Task description:
The lines below that include "ezdxf" are to be found and copied.

Data listing below:

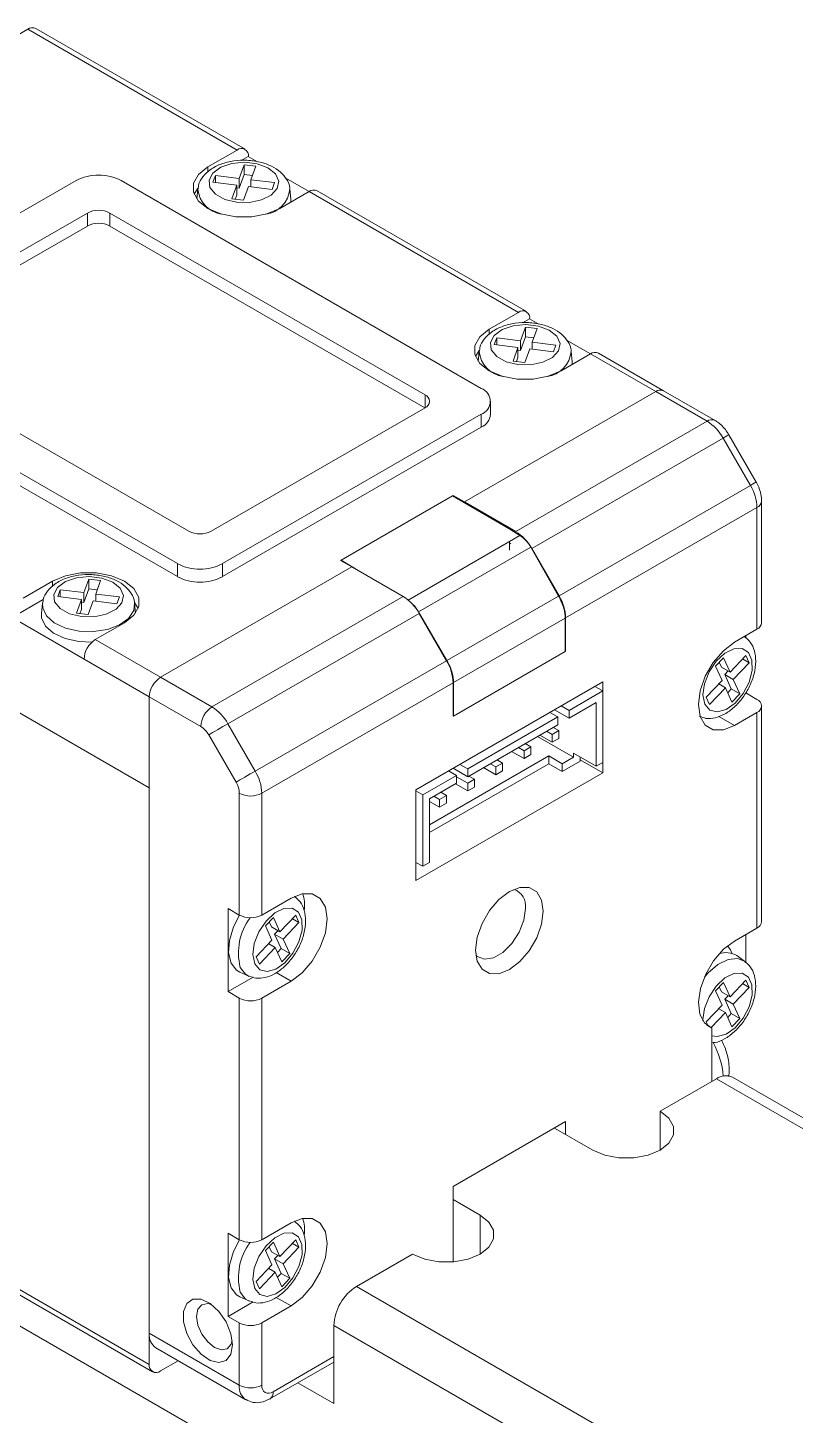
# Model space of a CAD drawing. Header units: inches. Extents: x 0.2 to 16.3, y 0.2 to 11.5.
# Drawn here: x 12.344 to 12.819, y 9.923 to 10.782 of the extents above; entities that cross this region are included whole.
import ezdxf

# ---------------------------------------------------------------- set-up
doc = ezdxf.new("R2010")
doc.units = ezdxf.units.IN
doc.header["$MEASUREMENT"] = 0

msp = doc.modelspace()

# ---------------------------------------------------------------- linework, layer by layer
at = {"color": 7, "linetype": 'Continuous', "lineweight": 18}
for p, q in [((12.32628, 10.7702), (12.34438, 10.78065)), ((12.47383, 10.70592), (12.34438, 10.78065)), ((12.47875, 10.7064), (12.3493, 10.78113)), ((12.47383, 10.70592), (12.45573, 10.69547)), ((12.47818, 10.69684), (12.47511, 10.68838)), ((12.48079, 10.7019), (12.47643, 10.69938)), ((12.4855, 10.69595), (12.47818, 10.69684)), ((12.47818, 10.69073), (12.47818, 10.69684)), ((12.48641, 10.69865), (12.48079, 10.7019)), ((12.46047, 10.69016), (12.45893, 10.68593)), ((12.47511, 10.68838), (12.46047, 10.69016)), ((12.46047, 10.68574), (12.46047, 10.69016)), ((12.47818, 10.69073), (12.47511, 10.68228)), ((12.47511, 10.68228), (12.47511, 10.68838)), ((12.48338, 10.6901), (12.47818, 10.69073)), ((12.48243, 10.6875), (12.4855, 10.69595)), ((12.51837, 10.6802), (12.50366, 10.6887)), ((12.3743, 10.68703), (12.21423, 10.59463)), ((12.62485, 10.55847), (12.40214, 10.68703)), ((12.44958, 10.68241), (12.44729, 10.67859)), ((12.44953, 10.68171), (12.44888, 10.67568)), ((12.45893, 10.68593), (12.47358, 10.68416)), ((12.47358, 10.68416), (12.47051, 10.6757)), ((12.47358, 10.67805), (12.47358, 10.68416)), ((12.47511, 10.68228), (12.47358, 10.68246)), ((12.47783, 10.67482), (12.4809, 10.68327)), ((12.4809, 10.68327), (12.49554, 10.6815)), ((12.49707, 10.68573), (12.48243, 10.6875)), ((12.48243, 10.68309), (12.48243, 10.6875)), ((12.49554, 10.6815), (12.49707, 10.68573)), ((12.50028, 10.66976), (12.51837, 10.6802)), ((12.50713, 10.67562), (12.50648, 10.68171)), ((12.64782, 10.60547), (12.51837, 10.6802)), ((12.65274, 10.60596), (12.52329, 10.68069)), ((12.47051, 10.6757), (12.47783, 10.67482)), ((12.47358, 10.67805), (12.47263, 10.67545)), ((12.50715, 10.67372), (12.50713, 10.67562)), ((12.38126, 10.66694), (12.24903, 10.59061)), ((12.38126, 10.65891), (12.38126, 10.66694)), ((12.59006, 10.55445), (12.39518, 10.66694)), ((12.39518, 10.66694), (12.39518, 10.65891)), ((12.38126, 10.65891), (12.24903, 10.58257)), ((12.59005, 10.54641), (12.39518, 10.65891)), ((12.64782, 10.60547), (12.62973, 10.59503)), ((12.65217, 10.59639), (12.6491, 10.58794)), ((12.65478, 10.60145), (12.65042, 10.59894)), ((12.6595, 10.59551), (12.65217, 10.59639)), ((12.65217, 10.59028), (12.65217, 10.59639)), ((12.6604, 10.59821), (12.65478, 10.60145)), ((12.65643, 10.58705), (12.6595, 10.59551)), ((12.63446, 10.58971), (12.63293, 10.58549)), ((12.63293, 10.58549), (12.64757, 10.58371)), ((12.6491, 10.58794), (12.63446, 10.58971)), ((12.63446, 10.5853), (12.63446, 10.58971)), ((12.65217, 10.59028), (12.6491, 10.58183)), ((12.6491, 10.58183), (12.6491, 10.58794)), ((12.65737, 10.58966), (12.65217, 10.59028)), ((12.67107, 10.58528), (12.65643, 10.58705)), ((12.65643, 10.58264), (12.65643, 10.58705)), ((12.66953, 10.58105), (12.67107, 10.58528)), ((12.69236, 10.57976), (12.67765, 10.58825)), ((12.21423, 10.57855), (12.43694, 10.44999)), ((12.24903, 10.58257), (12.4439, 10.47007)), ((12.62357, 10.58196), (12.62128, 10.57815)), ((12.62352, 10.58127), (12.62288, 10.57524)), ((12.64757, 10.58371), (12.6445, 10.57526)), ((12.64757, 10.57761), (12.64662, 10.575)), ((12.64757, 10.57761), (12.64757, 10.58371)), ((12.6491, 10.58183), (12.64757, 10.58202)), ((12.65182, 10.57437), (12.65489, 10.58283)), ((12.65489, 10.58283), (12.66953, 10.58105)), ((12.67427, 10.56931), (12.69236, 10.57976)), ((12.68112, 10.57517), (12.68047, 10.58127)), ((12.73273, 10.55646), (12.69236, 10.57976)), ((12.73765, 10.55694), (12.69728, 10.58025)), ((11.97412, 10.5685), (12.41954, 10.31136)), ((12.21423, 10.57052), (12.43694, 10.44195)), ((12.6445, 10.57526), (12.65182, 10.57437)), ((12.68114, 10.57328), (12.68112, 10.57517)), ((12.73273, 10.55646), (12.61441, 10.48815)), ((12.76455, 10.53809), (12.73273, 10.55646)), ((12.76947, 10.53857), (12.73765, 10.55694)), ((12.45782, 10.47007), (12.59006, 10.54641)), ((12.46478, 10.44999), (12.62485, 10.54239)), ((12.62485, 10.53436), (12.62485, 10.54239)), ((12.63062, 10.54239), (12.63062, 10.55043)), ((12.46478, 10.44195), (12.62485, 10.53436)), ((12.64623, 10.46979), (12.76455, 10.53809)), ((12.04372, 10.52832), (12.41954, 10.31136)), ((12.77439, 10.5277), (12.65607, 10.4594)), ((12.79129, 10.49842), (12.77439, 10.5277)), ((12.79489, 10.5005), (12.77799, 10.52978)), ((12.60746, 10.49217), (12.53786, 10.45199)), ((12.53816, 10.45217), (12.60715, 10.49199)), ((12.60715, 10.49199), (12.64246, 10.47126)), ((12.61441, 10.48815), (12.60746, 10.49217)), ((12.60746, 10.49182), (12.60746, 10.49217)), ((12.67298, 10.43012), (12.79129, 10.49842)), ((12.61441, 10.48773), (12.61441, 10.48815)), ((12.61441, 10.48815), (12.64623, 10.46979)), ((12.79537, 10.4847), (12.67705, 10.4164)), ((12.79537, 10.40939), (12.79537, 10.4847)), ((12.79825, 10.41341), (12.79825, 10.48872)), ((12.64246, 10.47126), (12.6488, 10.46741)), ((12.65546, 10.4602), (12.58609, 10.42015)), ((12.64225, 10.46324), (12.64225, 10.45841)), ((12.64246, 10.46232), (12.64316, 10.46272)), ((12.67271, 10.42997), (12.65546, 10.4602)), ((12.67298, 10.43012), (12.65607, 10.4594)), ((12.54482, 10.44798), (12.4265, 10.37967)), ((12.43694, 10.44195), (12.43694, 10.44999)), ((12.46478, 10.44999), (12.46478, 10.44195)), ((12.53786, 10.45199), (12.54482, 10.44798)), ((12.53816, 10.45217), (12.54973, 10.44514)), ((12.53816, 10.45182), (12.53816, 10.45217)), ((12.54482, 10.44798), (12.57663, 10.42961)), ((12.35969, 10.43914), (12.34159, 10.42869)), ((12.38214, 10.4405), (12.37907, 10.43205)), ((12.38946, 10.43962), (12.38214, 10.4405)), ((12.38214, 10.4344), (12.38214, 10.4405)), ((12.38639, 10.43116), (12.38946, 10.43962)), ((12.36443, 10.43382), (12.36289, 10.4296)), ((12.37907, 10.43205), (12.36443, 10.43382)), ((12.36443, 10.42941), (12.36443, 10.43382)), ((12.38214, 10.4344), (12.37907, 10.42594)), ((12.37907, 10.42594), (12.37907, 10.43205)), ((12.38733, 10.43377), (12.38214, 10.4344)), ((12.40103, 10.42939), (12.38639, 10.43116)), ((12.38639, 10.42675), (12.38639, 10.43116)), ((12.35398, 10.4278), (12.33463, 10.41664)), ((12.35349, 10.42538), (12.35283, 10.41929)), ((12.36289, 10.4296), (12.37753, 10.42782)), ((12.37753, 10.42782), (12.37446, 10.41937)), ((12.37753, 10.42172), (12.37753, 10.42782)), ((12.37907, 10.42594), (12.37753, 10.42613)), ((12.38178, 10.41849), (12.38485, 10.42694)), ((12.38485, 10.42694), (12.3995, 10.42517)), ((12.3995, 10.42517), (12.40103, 10.42939)), ((12.41108, 10.41935), (12.41043, 10.42538)), ((12.41268, 10.42226), (12.41045, 10.426)), ((12.45832, 10.36131), (12.57663, 10.42961)), ((12.67271, 10.42997), (12.60364, 10.3901)), ((12.33463, 10.41664), (12.37918, 10.39092)), ((12.37446, 10.41937), (12.38178, 10.41849)), ((12.37753, 10.42172), (12.37659, 10.41911)), ((12.38614, 10.40298), (12.40423, 10.41342)), ((12.58648, 10.41922), (12.46816, 10.35092)), ((12.60364, 10.3901), (12.58609, 10.42015)), ((12.58648, 10.41922), (12.60338, 10.38994)), ((12.67675, 10.41623), (12.60776, 10.3764)), ((12.67675, 10.39556), (12.67675, 10.41623)), ((12.67705, 10.39574), (12.67705, 10.4164)), ((12.79537, 10.40939), (12.78145, 10.40135)), ((12.78794, 10.40476), (12.78768, 10.40495)), ((12.78841, 10.40537), (12.78841, 10.40412)), ((12.38614, 10.40298), (12.4265, 10.37967)), ((12.41954, 10.36762), (12.37918, 10.39092)), ((12.48506, 10.32164), (12.60338, 10.38994)), ((12.60746, 10.35556), (12.67705, 10.39574)), ((12.67675, 10.39556), (12.60776, 10.35573)), ((12.67675, 10.39591), (12.67705, 10.39574)), ((12.77465, 10.39181), (12.76976, 10.38665)), ((12.77341, 10.38591), (12.77201, 10.38902)), ((12.7787, 10.38286), (12.77465, 10.39181)), ((12.78847, 10.39318), (12.7787, 10.38286)), ((12.78073, 10.37839), (12.7905, 10.38871)), ((12.78645, 10.39105), (12.7905, 10.38871)), ((12.7905, 10.38871), (12.78847, 10.39318)), ((12.4265, 10.37967), (12.45832, 10.36131)), ((12.76976, 10.38665), (12.77382, 10.3777)), ((12.77341, 10.38591), (12.7787, 10.38286)), ((12.77544, 10.38144), (12.77746, 10.38358)), ((12.77949, 10.3725), (12.77544, 10.38144)), ((12.77544, 10.38144), (12.78073, 10.37839)), ((12.60746, 10.37623), (12.48914, 10.30792)), ((12.70002, 10.37685), (12.58449, 10.31015)), ((12.60746, 10.37623), (12.60746, 10.35556)), ((12.60776, 10.35573), (12.60776, 10.3764)), ((12.70002, 10.37122), (12.67914, 10.35917)), ((12.70002, 10.37122), (12.69515, 10.37403)), ((12.70002, 10.37122), (12.70002, 10.37685)), ((12.70002, 10.32702), (12.70002, 10.37122)), ((12.77382, 10.3777), (12.76404, 10.36738)), ((12.76607, 10.36291), (12.77584, 10.37323)), ((12.77179, 10.37557), (12.77584, 10.37323)), ((12.77584, 10.37323), (12.77989, 10.36428)), ((12.77725, 10.37013), (12.77949, 10.3725)), ((12.77949, 10.3725), (12.78478, 10.36944)), ((12.78478, 10.36944), (12.78073, 10.37839)), ((12.41954, 10.31136), (12.41954, 10.36762)), ((12.41954, 10.36762), (12.41954, 9.97382)), ((12.45136, 10.34925), (12.41954, 10.36762)), ((12.67914, 10.35917), (12.67427, 10.36198)), ((12.69584, 10.36399), (12.67914, 10.35435)), ((12.69584, 10.32461), (12.69584, 10.36399)), ((12.76404, 10.36738), (12.76607, 10.36291)), ((12.77989, 10.36428), (12.78478, 10.36944)), ((12.78841, 10.37), (12.79537, 10.36599)), ((12.79825, 10.22856), (12.79825, 10.36197)), ((12.60776, 10.35573), (12.60746, 10.3559)), ((12.67218, 10.35515), (12.6165, 10.32301)), ((12.66731, 10.35796), (12.67218, 10.35515)), ((12.67009, 10.35957), (12.67914, 10.35435)), ((12.67218, 10.35033), (12.67218, 10.35515)), ((12.67914, 10.35435), (12.67914, 10.35917)), ((12.79537, 10.35795), (12.78145, 10.34992)), ((12.79537, 10.22454), (12.79537, 10.35795)), ((12.46816, 10.35092), (12.48506, 10.32164)), ((12.67218, 10.35033), (12.6165, 10.31819)), ((12.6687, 10.3443), (12.66522, 10.34631)), ((12.6687, 10.3443), (12.67288, 10.34671)), ((12.67288, 10.34671), (12.66939, 10.34872)), ((12.67288, 10.34671), (12.67288, 10.34189)), ((12.47318, 10.31478), (12.45628, 10.34406)), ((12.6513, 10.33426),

End of Data listing.

Finished task:
import ezdxf
doc = ezdxf.new("R2010")
doc.units = ezdxf.units.IN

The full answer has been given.